[TASK BRIEF] Wherever the string "index" turns up in the data, copy the whole line.

━━━━━ EXTRACTED MATERIAL ━━━━━

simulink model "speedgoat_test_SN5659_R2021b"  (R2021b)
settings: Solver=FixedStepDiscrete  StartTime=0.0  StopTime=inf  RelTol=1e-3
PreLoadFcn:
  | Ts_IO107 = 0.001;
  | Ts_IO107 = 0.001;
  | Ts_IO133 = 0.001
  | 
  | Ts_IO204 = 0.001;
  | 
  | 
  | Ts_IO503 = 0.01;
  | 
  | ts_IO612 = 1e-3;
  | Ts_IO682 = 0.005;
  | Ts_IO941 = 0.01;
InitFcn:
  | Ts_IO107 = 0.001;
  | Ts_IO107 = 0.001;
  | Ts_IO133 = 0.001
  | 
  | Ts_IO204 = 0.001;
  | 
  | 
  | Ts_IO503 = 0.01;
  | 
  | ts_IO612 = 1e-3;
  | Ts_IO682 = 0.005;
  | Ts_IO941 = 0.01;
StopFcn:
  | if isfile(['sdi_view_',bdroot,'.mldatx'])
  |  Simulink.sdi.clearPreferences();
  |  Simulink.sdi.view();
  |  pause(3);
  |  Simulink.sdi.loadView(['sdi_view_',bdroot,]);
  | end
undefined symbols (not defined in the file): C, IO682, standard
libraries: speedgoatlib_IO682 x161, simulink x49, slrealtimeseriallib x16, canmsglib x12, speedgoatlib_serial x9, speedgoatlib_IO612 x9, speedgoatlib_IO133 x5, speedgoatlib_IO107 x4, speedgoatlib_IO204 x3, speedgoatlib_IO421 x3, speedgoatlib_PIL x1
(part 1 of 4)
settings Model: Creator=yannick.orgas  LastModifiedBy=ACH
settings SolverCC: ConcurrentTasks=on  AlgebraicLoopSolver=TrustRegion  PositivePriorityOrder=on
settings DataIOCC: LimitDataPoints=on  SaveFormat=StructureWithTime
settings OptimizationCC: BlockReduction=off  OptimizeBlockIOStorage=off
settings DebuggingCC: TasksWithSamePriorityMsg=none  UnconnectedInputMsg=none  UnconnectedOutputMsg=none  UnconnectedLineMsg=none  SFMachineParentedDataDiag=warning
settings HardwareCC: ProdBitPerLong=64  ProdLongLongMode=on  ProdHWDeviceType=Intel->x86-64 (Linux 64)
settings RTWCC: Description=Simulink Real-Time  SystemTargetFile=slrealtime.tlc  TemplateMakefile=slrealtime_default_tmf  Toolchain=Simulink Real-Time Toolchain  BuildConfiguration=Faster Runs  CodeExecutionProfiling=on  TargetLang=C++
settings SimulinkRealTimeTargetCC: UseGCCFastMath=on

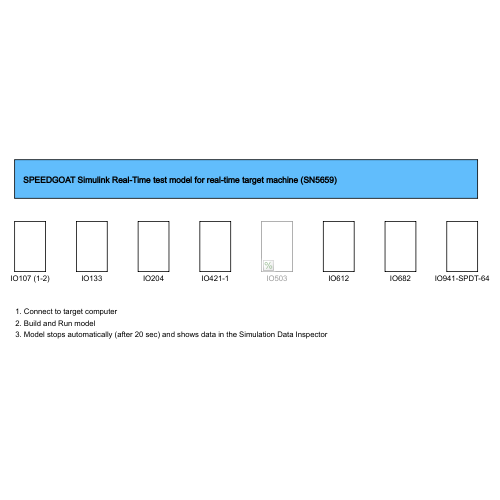
[thumbnail: Simulink's stored preview of the top-level diagram]
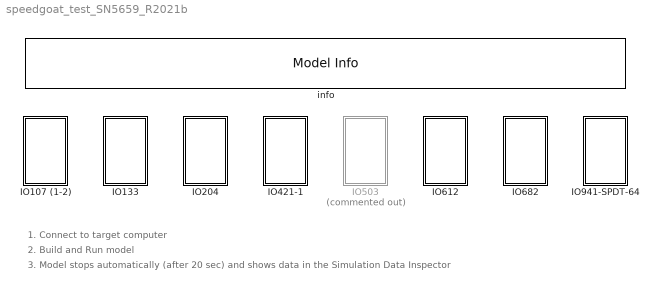
== system speedgoat_test_SN5659_R2021b ==
  note: 1. Connect to target computer
  note: 2. Build and Run model
  note: 3. Model stops automatically (after 20 sec) and shows data in the Simulation Data Inspector
  IO107 (1-2) : Subsystem
  IO133 : Subsystem
  IO204 : Subsystem
  IO421-1 : Subsystem
  IO503 : Subsystem  Commented=on
  IO612 : Subsystem
  IO682 : Subsystem
  IO941-SPDT-64 : Subsystem
  info : simulink/Model-Wide Utilities/Model Info  Frame=on  DisplayStringWithTags=SPEEDGOAT Simulink Real-Time test model for real-time target machine (SN5659)  HorizontalTextAlignment=Left  LeftAlignmentValue=0.02

== system speedgoat_test_SN5659_R2021b/IO107 (1-2) ==
  Analog output : speedgoatlib_IO107/Analog output  id=1  ts=-1  index=[1 2 3 4 5 6 7 8 9 10 11 12 13 14 15 16]  channels=[1 2 3 4 5 6 7 8 9 10 11 12 13 14 15 16]  range=1  pciSlot=-1
      settings: SourceProductName=Simulink Real-Time: Speedgoat Library
  Analog output1 : speedgoatlib_IO107/Analog output  id=2  ts=-1  index=[1 2 3 4 5 6 7 8 9 10 11 12 13 14 15 16]  channels=[1 2 3 4 5 6 7 8 9 10 11 12 13 14 15 16]  range=1  pciSlot=-1
      settings: SourceProductName=Simulink Real-Time: Speedgoat Library
  Setup : speedgoatlib_IO107/Setup  group=Analog output setup  id=1  range=+-10V  triggerSignal=TTL  groundSense=off  cal=on  pciSlot=-1  daChannel=[1:16]  daInitValue=[0]  daReset=[1]
      settings: SourceProductName=Simulink Real-Time: Speedgoat Library
  Setup1 : speedgoatlib_IO107/Setup  group=Module setup  id=2  range=+-10V  triggerSignal=TTL  groundSense=off  cal=on  pciSlot=-1  daChannel=[1:16]  daInitValue=[0]  daReset=[1]
      settings: SourceProductName=Simulink Real-Time: Speedgoat Library
  Sine Wave : Sin  Amplitude=10  Frequency=2*pi*50  SampleTime=Ts_IO107
  Sine Wave1 : Sin  Amplitude=10  Frequency=2*pi*50  SampleTime=Ts_IO107
  wires:
  Sine Wave/1 -> Analog output/1, Analog output/2, Analog output/3, Analog output/4, Analog output/5, Analog output/6, Analog output/7, Analog output/8, Analog output/9, Analog output/10, Analog output/11, Analog output/12, Analog output/13, Analog output/14, Analog output/15, Analog output/16
  Sine Wave1/1 -> Analog output1/1, Analog output1/2, Analog output1/3, Analog output1/4, Analog output1/5, Analog output1/6, Analog output1/7, Analog output1/8, Analog output1/9, Analog output1/10, Analog output1/11, Analog output1/12, Analog output1/13, Analog output1/14, Analog output1/15, Analog output1/16

== system speedgoat_test_SN5659_R2021b/IO133 ==
  "Analog input v2 " : speedgoatlib_IO133/Analog input v2   parModuleId=1  parSampleTime=Ts_IO133  parPciSlot=-1  parAdcChannels=[1 2 3 4]  parAdcVoltageRange=[2 2]  parAdcOversamplRate=[1 1]  parAdcContSampling=0  parAdcDmaEnable=0  parAdcActiveDmaDevices=[1 1]  parAdcFrameSize=100
      settings: SourceProductName=Simulink Real-Time: Speedgoat I/O Driver Library
  "Analog output v2 " : speedgoatlib_IO133/Analog output v2   parModuleId=1  parSampleTime=Ts_IO133  parPciSlot=-1  parDacChannels=[1 2 3 4]  parDacVoltageRange=[4 4 6 6 5 5 5 5]  parDacInitValues=[0 0 0 0]  parDacReset=[1 1 1 1]  parDacSyncOut=1  parDacDmaEnable=0  parDacActiveDmaDevices=[1 1]  parDacDmaLatency=2  parDacFrameSize=100
      settings: SourceProductName=Simulink Real-Time: Speedgoat I/O Driver Library
  "Digital input v2 " : speedgoatlib_IO133/Digital input v2   parModuleId=1  parSampleTime=Ts_IO133  parPciSlot=-1  parDiChannels=[8 9]
      settings: SourceProductName=Simulink Real-Time: Speedgoat I/O Driver Library
  "Digital output v2 " : speedgoatlib_IO133/Digital output v2   parModuleId=1  parSampleTime=Ts_IO133  parPciSlot=-1  parDoChannels=[1 2]  parDoInitValues=[0 0]  parDoReset=[1 1]
      settings: SourceProductName=Simulink Real-Time: Speedgoat I/O Driver Library
  Gain : Gain  Gain=2
  Gain1 : Gain  Gain=4
  Gain2 : Gain  Gain=6
  Gain3 : Gain  Gain=8
  Pulse Generator : DiscretePulseGenerator  Period=20  PulseWidth=5  SampleTime=Ts_IO133
  Pulse Generator1 : DiscretePulseGenerator  Period=20  PulseWidth=10  SampleTime=Ts_IO133
  "Scope 2 " : Scope  NumInputPorts=4
  "Scope 4 " : Scope  NumInputPorts=2
  "Setup v2 " : speedgoatlib_IO133/Setup v2   parPciSlot=-1  parModuleId=1  parInterModuleSync=None  parConvClockBaseRate=20MHz  parConvClock1Divider=20000  parConvClock2Divider=20000  parFrameTriggerEnable=off  parFrameTriggerDivider=10  parConvClock1BaseRate=1  parConvClock2BaseRate=1  parFrameTriggerClock=1  parAdcChannels=1:4  parAdcRange1=+-10V  parAdcRange2=+-10V  parAdcVoltageRange=[2 2]  parAdcOversampling1=None  parAdcOversampling2=None  parAdcOversamplRate=[1 1]  parAdcAutoCorrection=on  parAdcContSampling=off  parAdcDmaEnable=off  parAdcDmaClock=Clock 1  parAdcFrameSize_=100  parAdcSampleTime_=-1  parAdcActiveDmaDevices=[1 1]  parAdcFrameTriggerEnable=0  parAdcFrameSize=100  parAdcSampleTime=0.1  parDacChannels=1:4  parDacInitValues=0  parDacReset=1  parDacRange1=+-5V  parDacRange2=+-5V  parDacRange3=+-10.8V  parDacRange4=+-10.8V  parDacRange5=+-10V  parDacRange6=+-10V  parDacRange7=+-10V  parDacRange8=+-10V  parDacVoltageRange=[4 4 6 6 5 5 5 5]  parDacAutoCorrection=on  parDacSyncOut=on  parDacDmaEnable=off  parDacDmaLatency=Until next frame  parDacDmaClock=Clock 1  parDacFrameSize_=100  parDacSampleTime_=-1  parDacActiveDmaDevices=[1 1]  parDacFrameTriggerEnable=0  parDacFrameSize=100  parDacSampleTime=0.1  parDoChannels=1:2  parDoInitValues=0  parDoReset=1  parDiChannels=8:9  parDiDebounceEnable=off  parDiDebounceTime=0  parDiDebounceValue=0  parDioPullRefFront=Pull-up 3.3V  parDioPullRefRear=Floating
      settings: SourceProductName=Simulink Real-Time: Speedgoat I/O Driver Library
  Sine Wave : Sin  Frequency=50  SampleTime=0
  wires:
  Pulse Generator/1 -> "Digital output v2 "/1
  Gain1/1 -> "Analog output v2 "/2
  Gain/1 -> "Analog output v2 "/1
  Gain3/1 -> "Analog output v2 "/4
  Gain2/1 -> "Analog output v2 "/3
  Sine Wave/1 -> Gain/1, Gain1/1, Gain2/1, Gain3/1
  Pulse Generator1/1 -> "Digital output v2 "/2
  "Analog input v2 "/1 -> "Scope 2 "/1  "IO133_AI_CH1"
  "Analog input v2 "/2 -> "Scope 2 "/2  "IO133_AI_CH2"
  "Analog input v2 "/3 -> "Scope 2 "/3  "IO133_AI_CH3"
  "Analog input v2 "/4 -> "Scope 2 "/4  "IO133_AI_CH4"
  "Digital input v2 "/1 -> "Scope 4 "/1  "IO133_DI_CH8"
  "Digital input v2 "/2 -> "Scope 4 "/2  "IO133_DI_CH9"

== system speedgoat_test_SN5659_R2021b/IO204 ==
  Gain : Gain  Gain=2
  Gain1 : Gain  Gain=3
  Gain2 : Gain  Gain=4
  Pulse Generator : DiscretePulseGenerator  Period=20  PulseWidth=10  SampleTime=Ts_IO204
  Read : speedgoatlib_IO204/Read  id=1  group=Input  portType=16 ports of type double  ts=Ts_IO204  pciSlot=-1
      settings: SourceProductName=Simulink Real-Time: Speedgoat Library
  "Scope (xPC) " : Scope  NumInputPorts=4
  Setup : speedgoatlib_IO204/Setup  group=Module setup  id=1  pciSlot=-1  debounceEnable=on  debounceValue=0.001/10  reset=[0]  value=[0]
      settings: SourceProductName=Simulink Real-Time: Speedgoat Library
  Write : speedgoatlib_IO204/Write  id=1  portType=16 ports of type double  ts=-1  pciSlot=-1
      settings: SourceProductName=Simulink Real-Time: Speedgoat Library
  wires:
  Pulse Generator/1 -> Write/16, Write/11, Write/6, Write/1
  Read/6 -> Gain/1
  Read/11 -> Gain1/1
  Read/16 -> Gain2/1
  Read/1 -> "Scope (xPC) "/1  "IO204_CH1"
  Gain/1 -> "Scope (xPC) "/2  "IO204_CH6"
  Gain1/1 -> "Scope (xPC) "/3  "IO204_CH11"
  Gain2/1 -> "Scope (xPC) "/4  "IO204_CH16"

== system speedgoat_test_SN5659_R2021b/IO421-1 ==
  LVDT read : speedgoatlib_IO421/LVDT//RVDT/LVDT read  id=1  slot=1  channels=1  wiring=0  expectedVLL=7.0711  expectedVREF=18.3848  ts=0.001  pciSlot=-1
      settings: SourceProductName=Simulink Real-Time: Speedgoat Library
  LVDT read1 : speedgoatlib_IO421/LVDT//RVDT/LVDT read  id=1  slot=2  channels=1  wiring=0  expectedVLL=7.0711  expectedVREF=18.3848  ts=0.001  pciSlot=-1
      settings: SourceProductName=Simulink Real-Time: Speedgoat Library
  REF : speedgoatlib_IO421/W/REF  id=1  slot=3  frequency=47  voltage=26/sqrt(2)  pciSlot=-1
      settings: SourceProductName=Simulink Real-Time: Speedgoat I/O Blockset
  "Scope  " : Scope
  Scope  1 : Scope
  wires:
  LVDT read/1 -> "Scope  "/1  "IO421_LVDT_POS(1)"
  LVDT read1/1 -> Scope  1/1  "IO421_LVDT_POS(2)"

━━━━━

[SOLUTION BELOW]
  Analog output : speedgoatlib_IO107/Analog output  id=1  ts=-1  index=[1 2 3 4 5 6 7 8 9 10 11 12 13 14 15 16]  channels=[1 2 3 4 5 6 7 8 9 10 11 12 13 14 15 16]  range=1  pciSlot=-1
  Analog output1 : speedgoatlib_IO107/Analog output  id=2  ts=-1  index=[1 2 3 4 5 6 7 8 9 10 11 12 13 14 15 16]  channels=[1 2 3 4 5 6 7 8 9 10 11 12 13 14 15 16]  range=1  pciSlot=-1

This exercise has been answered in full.